Bugzilla – Bug 113709
Sound not restored after APM event on IBM T21
Last modified: 2007-02-16 14:04:27 UTC
As summary. This affects 9.3 (not had time to test 10.0 just yet). You can restart the sound system using 'rcalsasound restart', but this kills all apps using sound. It would be better to have the sound recovered without this problem. Trying to use the in-built recovery mechanisms in the powermanagement related config files doesn't help.
Which driver is used on this machine? Show /proc/asound/cards. If it's CS46xx, the PM won't work always, especially on laptops -> WONTFIX If it's an Intel chip, it should be fixed...
Also, try beta3. The PM stuff has been fixed in each release.
Beta 3 fails to respond to APM beyond locking the machine up. It is a CS46xx chip, but Windows naturally manages to revive this hardware without issue so there must be something that can be done. Note that rcalsasound restart does fix the problem, but the nasty effect is to kill all applications that have some interaction with the sound system. If the same effect could be achieved without killing apps off, things would be much better. *shrug*
If you unload snd-cs46xx before suspend, does lock up still occur? Do you have any kernel error messages from cs46xx driver when resume? The problem is that the behavior of controller doesn't follow to the datasheet at resume time. (Also we have not this hardware for debugging until now.)

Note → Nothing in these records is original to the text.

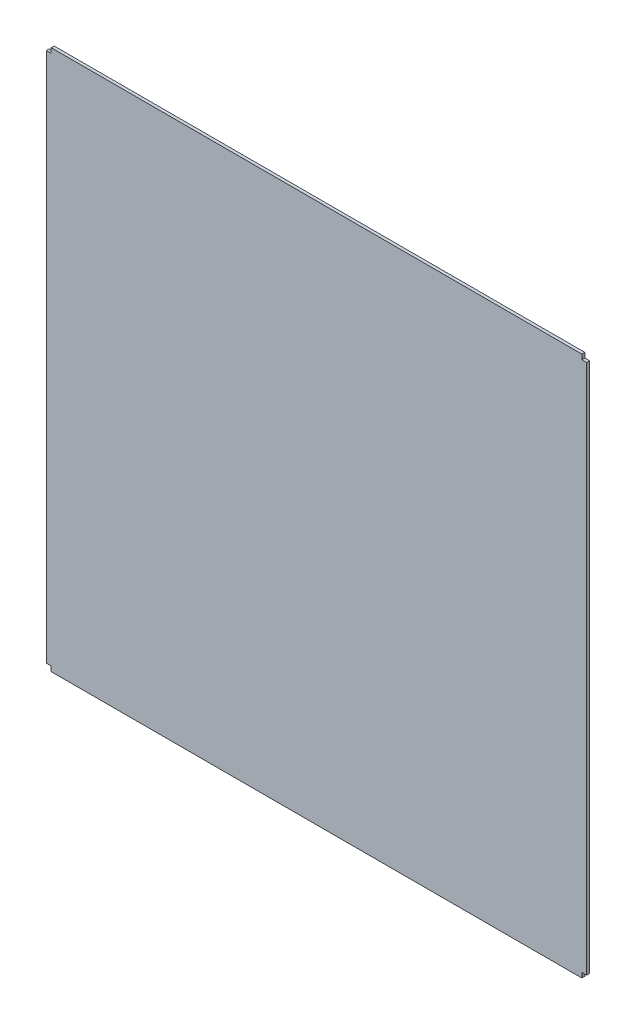
SolidWorks part; units mm, degrees
material "Acrylic (Medium-high impact)"
ref_plane "Front Plane" through (0, 0, 0) normal (0, 0, 1) x (1, 0, 0)
ref_plane "Top Plane" through (0, 0, 0) normal (0, 1, 0) x (1, 0, 0)
ref_plane "Right Plane" through (0, 0, 0) normal (1, 0, 0) x (0, 0, -1)
sketch "Sketch1" plane through (0, 0, 0) normal (0, 0, 1) x (1, 0, 0)
  line L1 (-289.5, -289.5) -> (289.5, -289.5)
  line L2 (-289.5, -289.5) -> (-289.5, 289.5)
  line L3 (-289.5, 289.5) -> (289.5, 289.5)
  line L4 (289.5, -289.5) -> (289.5, 289.5)
  line L5 (-289.5, -289.5) -> (289.5, 289.5) construction
  line L6 (-289.5, 289.5) -> (289.5, -289.5) construction
  point P0 (0, 0)
  dimension "D1" = 579
  dimension "D2" = 579
extrude "Boss-Extrude1" add sketch "Sketch1" along normal mid plane 3.175
sketch "Sketch2" plane through (0, 0, 1.5875) normal (0, 0, 1) x (1, 0, 0)
  line L0 (-284.75, 303.75) -> (-284.75, 285.75) construction
  line L1 (-285.75, 284.75) -> (-303.75, 284.75) construction
  line L2 (284.75, 285.75) -> (284.75, 303.75) construction
  line L3 (303.75, 284.75) -> (285.75, 284.75) construction
  line L4 (285.75, -284.75) -> (303.75, -284.75) construction
  line L5 (284.75, -303.75) -> (284.75, -285.75) construction
  line L6 (-303.75, -284.75) -> (-285.75, -284.75) construction
  line L7 (-284.75, -285.75) -> (-284.75, -303.75) construction
  line L8 (-284.75, 303.75) -> (-284.75, 284.75) construction
  line L9 (-284.75, 284.75) -> (-303.75, 284.75) construction
  line L10 (284.75, 284.75) -> (284.75, 303.75) construction
  line L11 (303.75, 284.75) -> (284.75, 284.75) construction
  line L12 (284.75, -284.75) -> (303.75, -284.75) construction
  line L13 (284.75, -303.75) -> (284.75, -284.75) construction
  line L14 (-303.75, -284.75) -> (-284.75, -284.75) construction
  line L15 (-284.75, -284.75) -> (-284.75, -303.75) construction
  line L16 (-284.25, 303.75) -> (-284.25, 284.25)
  line L17 (-284.25, 284.25) -> (-303.75, 284.25)
  line L18 (-303.75, -284.25) -> (-284.25, -284.25)
  line L19 (-284.25, -284.25) -> (-284.25, -303.75)
  line L20 (284.25, -303.75) -> (284.25, -284.25)
  line L21 (284.25, -284.25) -> (303.75, -284.25)
  line L22 (303.75, 284.25) -> (284.25, 284.25)
  line L23 (284.25, 284.25) -> (284.25, 303.75)
  line L24 (284.25, 303.75) -> (303.75, 284.25)
  line L25 (303.75, -284.25) -> (284.25, -303.75)
  line L26 (-303.75, -284.25) -> (-284.25, -303.75)
  line L27 (-284.25, 303.75) -> (-303.75, 284.25)
  dimension "D1" = 0.5
  dimension "D2" = 0.5
  dimension "D3" = 0.5
  dimension "D4" = 0.5
extrude "Cut-Extrude1" cut sketch "Sketch2" against normal up to surface (3.175 mm away) up to face at (0, 0, -1.5875)

The APM lock-up appears related to the framebuffer drivers being loaded. The rcalsasound restart approach fixes sound on resume, but I haven't had the time yet to look into the logs for kernel error messages. I only get a couple of evenings a week to look at non-work related stuff.
For testing just only the sound stuff, you can use "alsactl". Run like: # alsactl power 0 D3hot to suspend the sound function, and # alsactl power 0 D0 to resume. Check the behavior of sound devices with the sequence above. Also, please show the output of "lspci -nv", and attach any relevant kernel messages before/after suspend/resume.
No reaction on this bug for more than 17 months. Closing as CANTFIX.